Hält die Bundesregierung vor dem Hintergrund der Ziele des Aktionsprogramms Klimaschutz 2020 an der Notwendigkeit der Aufschließung neuer Tagebaue fest (vgl. Schreiben des Bundeswirtschaftsministers Sigmar Gabriel an den schwedischen Premierminister Stefan Löfven vom 13. Oktober 2014 www.altinget.se), und falls ja, wie soll die dadurch zusätzlich zu fördernde Menge an Braunkohle verstromt werden, ohne die deutschen Klimaziele weiter zu gefährden?

26

Geht die Bundesregierung davon aus, dass zur Erreichung der Klimaziele im Jahr 2050 ein Ende der Braunkohleverstromung bis spätestens zur Mitte des Jahrhunderts notwendig ist, und wenn nein, wie will sie das Erreichen der Klimaziele sicherstellen?

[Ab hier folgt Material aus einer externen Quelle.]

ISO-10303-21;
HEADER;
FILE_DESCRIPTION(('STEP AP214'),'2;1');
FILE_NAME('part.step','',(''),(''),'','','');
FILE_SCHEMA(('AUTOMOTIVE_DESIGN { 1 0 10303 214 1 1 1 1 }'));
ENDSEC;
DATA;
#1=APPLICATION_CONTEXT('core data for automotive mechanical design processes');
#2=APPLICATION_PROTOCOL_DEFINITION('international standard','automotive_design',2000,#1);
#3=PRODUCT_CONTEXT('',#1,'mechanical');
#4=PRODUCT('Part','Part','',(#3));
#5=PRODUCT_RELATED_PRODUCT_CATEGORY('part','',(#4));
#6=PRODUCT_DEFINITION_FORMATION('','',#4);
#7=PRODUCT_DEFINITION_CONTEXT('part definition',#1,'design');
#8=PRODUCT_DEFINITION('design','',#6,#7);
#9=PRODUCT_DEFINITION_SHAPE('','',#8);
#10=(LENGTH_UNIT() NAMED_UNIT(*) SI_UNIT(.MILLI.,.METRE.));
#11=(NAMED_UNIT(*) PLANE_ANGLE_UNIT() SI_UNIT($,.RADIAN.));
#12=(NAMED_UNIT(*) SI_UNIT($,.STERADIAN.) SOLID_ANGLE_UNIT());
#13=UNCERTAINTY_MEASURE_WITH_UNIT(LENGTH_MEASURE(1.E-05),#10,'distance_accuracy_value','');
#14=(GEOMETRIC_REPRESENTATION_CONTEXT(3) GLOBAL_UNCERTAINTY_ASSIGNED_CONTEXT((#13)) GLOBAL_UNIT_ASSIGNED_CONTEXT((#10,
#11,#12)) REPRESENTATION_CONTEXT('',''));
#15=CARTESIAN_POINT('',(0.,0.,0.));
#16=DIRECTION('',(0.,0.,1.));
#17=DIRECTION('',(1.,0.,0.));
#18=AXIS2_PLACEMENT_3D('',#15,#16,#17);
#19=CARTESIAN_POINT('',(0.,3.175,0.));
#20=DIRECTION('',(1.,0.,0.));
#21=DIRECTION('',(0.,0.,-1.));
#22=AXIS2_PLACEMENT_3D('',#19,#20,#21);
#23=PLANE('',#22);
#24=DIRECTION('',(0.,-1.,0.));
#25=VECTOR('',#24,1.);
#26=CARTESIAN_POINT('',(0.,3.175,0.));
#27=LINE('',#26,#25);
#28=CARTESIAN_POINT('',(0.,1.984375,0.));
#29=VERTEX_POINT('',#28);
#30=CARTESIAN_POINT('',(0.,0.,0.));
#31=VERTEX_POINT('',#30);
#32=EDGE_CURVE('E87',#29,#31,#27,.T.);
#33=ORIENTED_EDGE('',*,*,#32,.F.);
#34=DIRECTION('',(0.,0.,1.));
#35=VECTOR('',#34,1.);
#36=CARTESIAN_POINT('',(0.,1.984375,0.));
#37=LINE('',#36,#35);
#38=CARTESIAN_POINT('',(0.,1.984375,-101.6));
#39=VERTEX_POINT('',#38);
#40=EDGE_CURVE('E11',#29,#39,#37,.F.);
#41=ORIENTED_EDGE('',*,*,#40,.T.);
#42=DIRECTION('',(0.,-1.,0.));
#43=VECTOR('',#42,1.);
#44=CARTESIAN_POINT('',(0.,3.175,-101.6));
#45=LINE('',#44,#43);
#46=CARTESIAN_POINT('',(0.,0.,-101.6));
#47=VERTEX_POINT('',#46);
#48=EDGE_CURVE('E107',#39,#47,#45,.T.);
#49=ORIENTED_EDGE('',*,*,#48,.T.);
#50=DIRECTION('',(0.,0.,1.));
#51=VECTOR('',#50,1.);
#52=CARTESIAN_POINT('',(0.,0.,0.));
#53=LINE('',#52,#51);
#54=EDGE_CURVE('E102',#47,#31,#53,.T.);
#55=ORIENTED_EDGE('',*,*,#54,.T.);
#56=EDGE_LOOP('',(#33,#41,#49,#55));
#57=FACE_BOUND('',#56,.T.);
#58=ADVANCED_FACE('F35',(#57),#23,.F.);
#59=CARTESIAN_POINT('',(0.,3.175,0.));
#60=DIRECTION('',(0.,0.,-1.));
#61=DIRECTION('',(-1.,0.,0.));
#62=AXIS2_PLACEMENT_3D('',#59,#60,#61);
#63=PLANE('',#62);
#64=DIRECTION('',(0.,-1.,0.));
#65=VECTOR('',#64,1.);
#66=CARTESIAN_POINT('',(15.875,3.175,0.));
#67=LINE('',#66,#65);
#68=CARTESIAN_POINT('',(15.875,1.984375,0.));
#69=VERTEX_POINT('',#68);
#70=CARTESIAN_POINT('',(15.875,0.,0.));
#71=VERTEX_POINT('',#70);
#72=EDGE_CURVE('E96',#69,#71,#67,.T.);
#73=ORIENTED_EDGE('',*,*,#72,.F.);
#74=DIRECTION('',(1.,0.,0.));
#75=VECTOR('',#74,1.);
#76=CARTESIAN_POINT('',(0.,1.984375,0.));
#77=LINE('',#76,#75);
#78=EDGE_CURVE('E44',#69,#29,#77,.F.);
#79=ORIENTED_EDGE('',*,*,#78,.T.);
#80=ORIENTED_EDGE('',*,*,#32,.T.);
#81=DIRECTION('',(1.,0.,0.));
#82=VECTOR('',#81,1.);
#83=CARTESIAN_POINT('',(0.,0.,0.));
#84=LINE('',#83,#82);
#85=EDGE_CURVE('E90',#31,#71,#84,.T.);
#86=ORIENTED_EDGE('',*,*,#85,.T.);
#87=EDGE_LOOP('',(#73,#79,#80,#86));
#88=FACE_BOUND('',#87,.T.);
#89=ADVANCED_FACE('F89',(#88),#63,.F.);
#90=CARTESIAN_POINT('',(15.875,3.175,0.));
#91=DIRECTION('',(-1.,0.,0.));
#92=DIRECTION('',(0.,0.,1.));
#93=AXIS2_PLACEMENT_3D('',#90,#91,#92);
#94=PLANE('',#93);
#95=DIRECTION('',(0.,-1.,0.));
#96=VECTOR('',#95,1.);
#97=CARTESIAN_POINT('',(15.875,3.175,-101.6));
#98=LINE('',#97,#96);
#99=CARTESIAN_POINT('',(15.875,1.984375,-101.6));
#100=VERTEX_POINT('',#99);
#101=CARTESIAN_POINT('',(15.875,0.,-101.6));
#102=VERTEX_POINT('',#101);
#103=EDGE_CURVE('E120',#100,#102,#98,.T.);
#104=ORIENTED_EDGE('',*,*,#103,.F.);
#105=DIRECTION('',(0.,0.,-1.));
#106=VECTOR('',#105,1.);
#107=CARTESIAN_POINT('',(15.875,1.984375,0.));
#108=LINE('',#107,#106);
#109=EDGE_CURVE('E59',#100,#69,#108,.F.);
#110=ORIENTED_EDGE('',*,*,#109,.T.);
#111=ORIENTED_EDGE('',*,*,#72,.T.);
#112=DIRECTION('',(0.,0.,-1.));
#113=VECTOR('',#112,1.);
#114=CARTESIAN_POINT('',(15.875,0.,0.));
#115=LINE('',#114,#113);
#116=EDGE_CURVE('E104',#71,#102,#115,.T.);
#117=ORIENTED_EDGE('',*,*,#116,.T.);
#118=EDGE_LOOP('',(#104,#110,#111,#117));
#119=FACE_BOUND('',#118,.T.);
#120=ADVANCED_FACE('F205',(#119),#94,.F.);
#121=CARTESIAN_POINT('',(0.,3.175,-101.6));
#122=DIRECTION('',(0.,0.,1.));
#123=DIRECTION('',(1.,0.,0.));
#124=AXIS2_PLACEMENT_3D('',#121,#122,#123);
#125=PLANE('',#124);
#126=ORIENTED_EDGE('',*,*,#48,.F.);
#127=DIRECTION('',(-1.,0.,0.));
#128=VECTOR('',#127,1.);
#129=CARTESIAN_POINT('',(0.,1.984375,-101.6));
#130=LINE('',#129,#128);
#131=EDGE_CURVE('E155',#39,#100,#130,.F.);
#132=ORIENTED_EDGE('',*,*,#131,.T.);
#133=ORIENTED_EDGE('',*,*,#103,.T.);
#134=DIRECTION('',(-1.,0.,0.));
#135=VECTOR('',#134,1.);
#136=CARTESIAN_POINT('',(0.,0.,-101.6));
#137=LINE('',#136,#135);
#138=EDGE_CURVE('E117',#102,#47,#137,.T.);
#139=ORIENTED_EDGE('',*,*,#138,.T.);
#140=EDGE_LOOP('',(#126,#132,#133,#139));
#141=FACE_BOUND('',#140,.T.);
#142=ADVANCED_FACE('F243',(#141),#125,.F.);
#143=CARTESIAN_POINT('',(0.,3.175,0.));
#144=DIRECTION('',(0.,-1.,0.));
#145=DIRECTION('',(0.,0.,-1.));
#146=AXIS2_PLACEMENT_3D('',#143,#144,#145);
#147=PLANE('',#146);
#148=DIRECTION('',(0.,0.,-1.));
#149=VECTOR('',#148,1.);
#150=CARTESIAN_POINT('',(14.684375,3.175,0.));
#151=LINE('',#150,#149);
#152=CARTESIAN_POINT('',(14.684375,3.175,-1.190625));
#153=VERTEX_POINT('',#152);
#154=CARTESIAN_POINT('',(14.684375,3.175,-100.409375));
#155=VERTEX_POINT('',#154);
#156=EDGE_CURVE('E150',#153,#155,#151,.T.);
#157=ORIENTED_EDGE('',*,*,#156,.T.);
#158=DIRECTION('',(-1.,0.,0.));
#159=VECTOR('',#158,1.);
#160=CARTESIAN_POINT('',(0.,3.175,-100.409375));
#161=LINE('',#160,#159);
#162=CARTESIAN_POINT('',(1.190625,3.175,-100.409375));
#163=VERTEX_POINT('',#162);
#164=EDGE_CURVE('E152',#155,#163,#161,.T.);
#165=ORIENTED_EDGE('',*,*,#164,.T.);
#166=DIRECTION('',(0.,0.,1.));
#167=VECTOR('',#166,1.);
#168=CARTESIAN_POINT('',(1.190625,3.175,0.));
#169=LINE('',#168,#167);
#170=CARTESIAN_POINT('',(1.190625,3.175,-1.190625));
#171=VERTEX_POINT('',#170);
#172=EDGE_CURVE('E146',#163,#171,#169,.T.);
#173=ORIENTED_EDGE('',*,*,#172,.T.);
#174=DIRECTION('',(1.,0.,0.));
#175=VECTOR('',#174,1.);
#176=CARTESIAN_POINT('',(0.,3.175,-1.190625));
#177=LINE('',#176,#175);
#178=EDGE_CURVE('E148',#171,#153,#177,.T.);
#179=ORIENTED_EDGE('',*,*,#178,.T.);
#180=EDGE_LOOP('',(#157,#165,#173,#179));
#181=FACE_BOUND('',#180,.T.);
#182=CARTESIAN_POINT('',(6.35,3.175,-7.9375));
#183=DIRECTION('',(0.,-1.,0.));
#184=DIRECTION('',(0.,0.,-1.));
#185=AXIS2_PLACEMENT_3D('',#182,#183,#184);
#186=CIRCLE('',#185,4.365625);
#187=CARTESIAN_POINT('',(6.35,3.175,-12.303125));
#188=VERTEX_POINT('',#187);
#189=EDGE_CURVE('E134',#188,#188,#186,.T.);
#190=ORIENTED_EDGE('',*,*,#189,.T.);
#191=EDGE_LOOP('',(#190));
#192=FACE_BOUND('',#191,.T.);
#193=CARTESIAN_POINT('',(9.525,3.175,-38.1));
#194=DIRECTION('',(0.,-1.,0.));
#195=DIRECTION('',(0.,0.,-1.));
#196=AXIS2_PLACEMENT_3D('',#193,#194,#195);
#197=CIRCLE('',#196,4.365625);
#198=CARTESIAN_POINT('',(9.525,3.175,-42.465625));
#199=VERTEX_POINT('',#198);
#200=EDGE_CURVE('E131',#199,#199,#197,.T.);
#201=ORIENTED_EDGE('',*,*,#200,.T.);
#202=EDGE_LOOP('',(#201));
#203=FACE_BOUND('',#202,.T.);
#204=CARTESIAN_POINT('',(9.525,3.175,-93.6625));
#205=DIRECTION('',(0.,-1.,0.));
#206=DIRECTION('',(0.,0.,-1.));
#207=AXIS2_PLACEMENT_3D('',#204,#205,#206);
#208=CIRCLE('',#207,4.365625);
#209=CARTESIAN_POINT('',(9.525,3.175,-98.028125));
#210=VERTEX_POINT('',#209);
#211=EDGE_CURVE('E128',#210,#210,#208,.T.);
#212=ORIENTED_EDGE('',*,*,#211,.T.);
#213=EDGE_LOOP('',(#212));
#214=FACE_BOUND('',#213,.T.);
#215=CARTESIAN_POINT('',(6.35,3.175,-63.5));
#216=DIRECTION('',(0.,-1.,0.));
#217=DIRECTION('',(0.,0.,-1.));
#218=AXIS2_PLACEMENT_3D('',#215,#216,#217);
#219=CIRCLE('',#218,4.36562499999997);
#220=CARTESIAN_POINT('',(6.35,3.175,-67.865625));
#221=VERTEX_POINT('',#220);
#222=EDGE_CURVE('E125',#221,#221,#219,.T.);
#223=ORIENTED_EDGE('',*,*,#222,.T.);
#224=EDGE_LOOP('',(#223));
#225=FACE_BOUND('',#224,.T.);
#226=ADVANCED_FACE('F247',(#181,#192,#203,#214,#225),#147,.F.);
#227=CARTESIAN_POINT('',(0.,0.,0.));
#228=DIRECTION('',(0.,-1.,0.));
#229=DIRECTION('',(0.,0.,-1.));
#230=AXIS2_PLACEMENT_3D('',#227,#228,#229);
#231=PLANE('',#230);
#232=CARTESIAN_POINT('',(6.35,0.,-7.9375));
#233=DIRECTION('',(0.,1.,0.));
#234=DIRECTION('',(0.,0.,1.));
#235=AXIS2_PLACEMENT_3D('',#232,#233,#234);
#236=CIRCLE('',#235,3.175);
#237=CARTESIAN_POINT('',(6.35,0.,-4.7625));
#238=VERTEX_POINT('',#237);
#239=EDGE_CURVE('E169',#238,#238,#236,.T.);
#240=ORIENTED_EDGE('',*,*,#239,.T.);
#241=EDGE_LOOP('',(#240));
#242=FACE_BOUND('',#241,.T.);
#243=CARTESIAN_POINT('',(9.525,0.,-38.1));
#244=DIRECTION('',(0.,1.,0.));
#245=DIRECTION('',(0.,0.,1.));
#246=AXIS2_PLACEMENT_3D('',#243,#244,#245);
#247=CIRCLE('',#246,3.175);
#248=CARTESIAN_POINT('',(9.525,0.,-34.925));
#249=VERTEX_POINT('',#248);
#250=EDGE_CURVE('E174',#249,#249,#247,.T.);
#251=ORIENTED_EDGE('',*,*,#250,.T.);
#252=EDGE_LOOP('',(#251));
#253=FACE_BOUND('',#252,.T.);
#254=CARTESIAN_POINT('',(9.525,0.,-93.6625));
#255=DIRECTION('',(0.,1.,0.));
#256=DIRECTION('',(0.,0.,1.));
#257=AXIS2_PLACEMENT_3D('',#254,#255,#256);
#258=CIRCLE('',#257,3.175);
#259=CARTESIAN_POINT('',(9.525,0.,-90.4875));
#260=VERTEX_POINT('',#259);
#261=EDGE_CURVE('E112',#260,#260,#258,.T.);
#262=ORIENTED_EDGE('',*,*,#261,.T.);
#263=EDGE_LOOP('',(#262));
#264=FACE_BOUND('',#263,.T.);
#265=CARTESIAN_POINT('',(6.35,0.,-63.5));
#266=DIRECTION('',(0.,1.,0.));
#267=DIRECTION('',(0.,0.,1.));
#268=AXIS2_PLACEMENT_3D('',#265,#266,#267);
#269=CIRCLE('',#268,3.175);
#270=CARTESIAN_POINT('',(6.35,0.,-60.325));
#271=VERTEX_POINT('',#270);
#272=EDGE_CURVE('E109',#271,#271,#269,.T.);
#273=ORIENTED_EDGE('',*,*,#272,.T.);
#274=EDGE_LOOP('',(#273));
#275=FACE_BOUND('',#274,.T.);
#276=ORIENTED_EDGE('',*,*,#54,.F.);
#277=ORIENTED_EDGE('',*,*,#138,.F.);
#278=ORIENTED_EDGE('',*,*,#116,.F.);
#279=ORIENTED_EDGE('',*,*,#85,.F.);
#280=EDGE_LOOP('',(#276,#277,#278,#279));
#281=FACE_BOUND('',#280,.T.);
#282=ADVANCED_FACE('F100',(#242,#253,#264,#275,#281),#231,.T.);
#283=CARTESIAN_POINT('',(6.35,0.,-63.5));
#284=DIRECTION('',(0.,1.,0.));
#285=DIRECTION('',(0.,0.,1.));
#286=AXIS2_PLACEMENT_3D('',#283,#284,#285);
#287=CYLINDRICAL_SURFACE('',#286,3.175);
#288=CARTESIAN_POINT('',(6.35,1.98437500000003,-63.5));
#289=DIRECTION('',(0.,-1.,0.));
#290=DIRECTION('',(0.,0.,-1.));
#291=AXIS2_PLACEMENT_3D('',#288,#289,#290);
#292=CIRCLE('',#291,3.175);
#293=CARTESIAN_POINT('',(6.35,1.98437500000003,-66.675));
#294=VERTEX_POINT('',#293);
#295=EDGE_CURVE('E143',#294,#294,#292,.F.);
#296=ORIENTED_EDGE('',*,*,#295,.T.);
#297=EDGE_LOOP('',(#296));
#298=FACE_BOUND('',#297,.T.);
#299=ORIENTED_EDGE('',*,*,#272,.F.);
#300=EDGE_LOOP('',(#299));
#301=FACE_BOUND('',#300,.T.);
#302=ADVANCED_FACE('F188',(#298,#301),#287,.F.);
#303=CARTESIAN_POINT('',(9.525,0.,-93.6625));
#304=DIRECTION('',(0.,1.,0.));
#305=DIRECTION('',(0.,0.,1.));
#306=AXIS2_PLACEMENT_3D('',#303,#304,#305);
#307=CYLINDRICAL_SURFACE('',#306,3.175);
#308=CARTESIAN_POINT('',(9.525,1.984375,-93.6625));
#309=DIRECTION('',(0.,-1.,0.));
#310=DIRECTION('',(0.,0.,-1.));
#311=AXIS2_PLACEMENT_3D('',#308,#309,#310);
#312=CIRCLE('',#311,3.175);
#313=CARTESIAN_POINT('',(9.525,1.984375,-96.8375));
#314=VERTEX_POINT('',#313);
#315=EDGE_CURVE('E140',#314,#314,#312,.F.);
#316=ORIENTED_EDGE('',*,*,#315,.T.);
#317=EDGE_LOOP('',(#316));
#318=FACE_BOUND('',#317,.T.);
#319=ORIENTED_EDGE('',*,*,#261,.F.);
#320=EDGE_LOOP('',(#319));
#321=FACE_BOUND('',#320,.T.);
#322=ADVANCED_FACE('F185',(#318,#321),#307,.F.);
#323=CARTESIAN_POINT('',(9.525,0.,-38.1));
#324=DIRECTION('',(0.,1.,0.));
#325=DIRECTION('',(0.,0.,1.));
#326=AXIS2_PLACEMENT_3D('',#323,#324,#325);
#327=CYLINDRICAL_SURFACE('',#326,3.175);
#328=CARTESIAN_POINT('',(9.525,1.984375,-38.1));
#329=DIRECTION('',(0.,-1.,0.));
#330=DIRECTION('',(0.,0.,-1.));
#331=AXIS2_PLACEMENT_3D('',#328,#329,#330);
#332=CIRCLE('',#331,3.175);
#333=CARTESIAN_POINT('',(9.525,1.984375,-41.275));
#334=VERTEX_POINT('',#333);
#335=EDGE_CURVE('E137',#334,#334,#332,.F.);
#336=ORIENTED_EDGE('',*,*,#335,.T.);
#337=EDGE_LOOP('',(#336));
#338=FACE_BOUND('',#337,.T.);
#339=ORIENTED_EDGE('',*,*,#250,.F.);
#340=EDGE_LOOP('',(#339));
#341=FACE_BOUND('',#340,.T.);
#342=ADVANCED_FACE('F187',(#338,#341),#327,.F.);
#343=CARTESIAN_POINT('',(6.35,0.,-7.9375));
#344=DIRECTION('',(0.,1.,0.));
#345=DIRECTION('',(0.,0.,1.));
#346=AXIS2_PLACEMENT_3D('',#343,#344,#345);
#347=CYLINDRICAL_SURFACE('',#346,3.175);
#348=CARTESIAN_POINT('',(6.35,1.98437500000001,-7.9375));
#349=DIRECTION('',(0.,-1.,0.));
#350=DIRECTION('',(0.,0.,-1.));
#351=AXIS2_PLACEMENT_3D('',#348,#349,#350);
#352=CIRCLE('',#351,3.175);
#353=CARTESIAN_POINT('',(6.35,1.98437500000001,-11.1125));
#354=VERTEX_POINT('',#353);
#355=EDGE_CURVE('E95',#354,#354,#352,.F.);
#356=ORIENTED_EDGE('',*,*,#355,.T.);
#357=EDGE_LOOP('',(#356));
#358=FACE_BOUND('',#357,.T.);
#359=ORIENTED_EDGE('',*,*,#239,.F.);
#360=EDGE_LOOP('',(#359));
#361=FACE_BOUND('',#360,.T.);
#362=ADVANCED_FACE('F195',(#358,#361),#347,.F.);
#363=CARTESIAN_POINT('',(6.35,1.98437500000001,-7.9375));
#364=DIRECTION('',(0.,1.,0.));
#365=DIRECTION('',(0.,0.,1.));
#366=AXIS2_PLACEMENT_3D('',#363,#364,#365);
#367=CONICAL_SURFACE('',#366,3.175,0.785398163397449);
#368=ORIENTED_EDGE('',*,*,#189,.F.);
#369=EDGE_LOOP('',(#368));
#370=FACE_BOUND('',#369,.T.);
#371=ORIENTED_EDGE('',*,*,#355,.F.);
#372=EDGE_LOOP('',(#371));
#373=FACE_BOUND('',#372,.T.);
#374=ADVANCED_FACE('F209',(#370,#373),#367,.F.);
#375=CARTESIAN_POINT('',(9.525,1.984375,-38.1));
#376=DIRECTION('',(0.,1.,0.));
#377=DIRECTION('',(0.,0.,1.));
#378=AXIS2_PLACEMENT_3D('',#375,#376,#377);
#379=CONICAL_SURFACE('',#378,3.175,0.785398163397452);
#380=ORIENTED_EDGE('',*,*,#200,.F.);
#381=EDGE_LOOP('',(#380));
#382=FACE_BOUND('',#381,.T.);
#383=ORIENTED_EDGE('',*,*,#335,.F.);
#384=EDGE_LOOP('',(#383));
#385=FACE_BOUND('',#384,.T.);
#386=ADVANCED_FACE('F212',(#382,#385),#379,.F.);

Wenn ja geht die Bundesregierung davon aus, dass der europäische Emissionshandel allein dafür ausreichend ist?

27

Hält die Bundesregierung Zwangsumsiedlungen für die Erschließung neuer Tagebaue für verfassungskonform, wenn zeitgleich die Kohleverstromung ausläuft?

28

Plant die Bundesregierung, eine Novelle des Bundesberggesetzes vorzulegen, in der es auch Veränderungen hinsichtlich der Möglichkeit von neuen Tagebauen geben wird, und wenn ja, bis wann, und welche konkreten Optionen werden von der Bundesregierung rechtlich geprüft?

29

Ist es Auffassung der Bundesregierung, dass das Ziel einer 40-Prozent-Emissionsreduktion bis zum Jahr 2020 nur flankiert von einem „schnell und effektiv wirkenden Marktstabilitätsmechanismus im EU-ETS“ sichergestellt werden kann, und wenn ja, welche zusätzlichen Anstrengungen wird sie unternehmen, wenn es nicht gelingt, diesen Mechanismus noch vor dem Jahr 2020 in Kraft zu setzten?

30

Mit welchen Maßnahmen will die Bundesregierung insbesondere die polnische Regierung von einem ambitionierteren Emissionshandel überzeugen, um auf EU-Ebene bei einer ETS-Reform schneller voranschreiten zu können?

31

Hält die Bundesregierung im Hinblick auf die bevorstehende Novelle des Kraft-Wärme-Kopplungsgesetzes am gesetzlich verankerten Ziel von 25 Prozent Kraft-Wärme-Kopplungsanteil bis zum Jahr 2020 fest, und wenn ja, mit welche konkreten Maßnahmen will die Bundesregierung dies erreichen?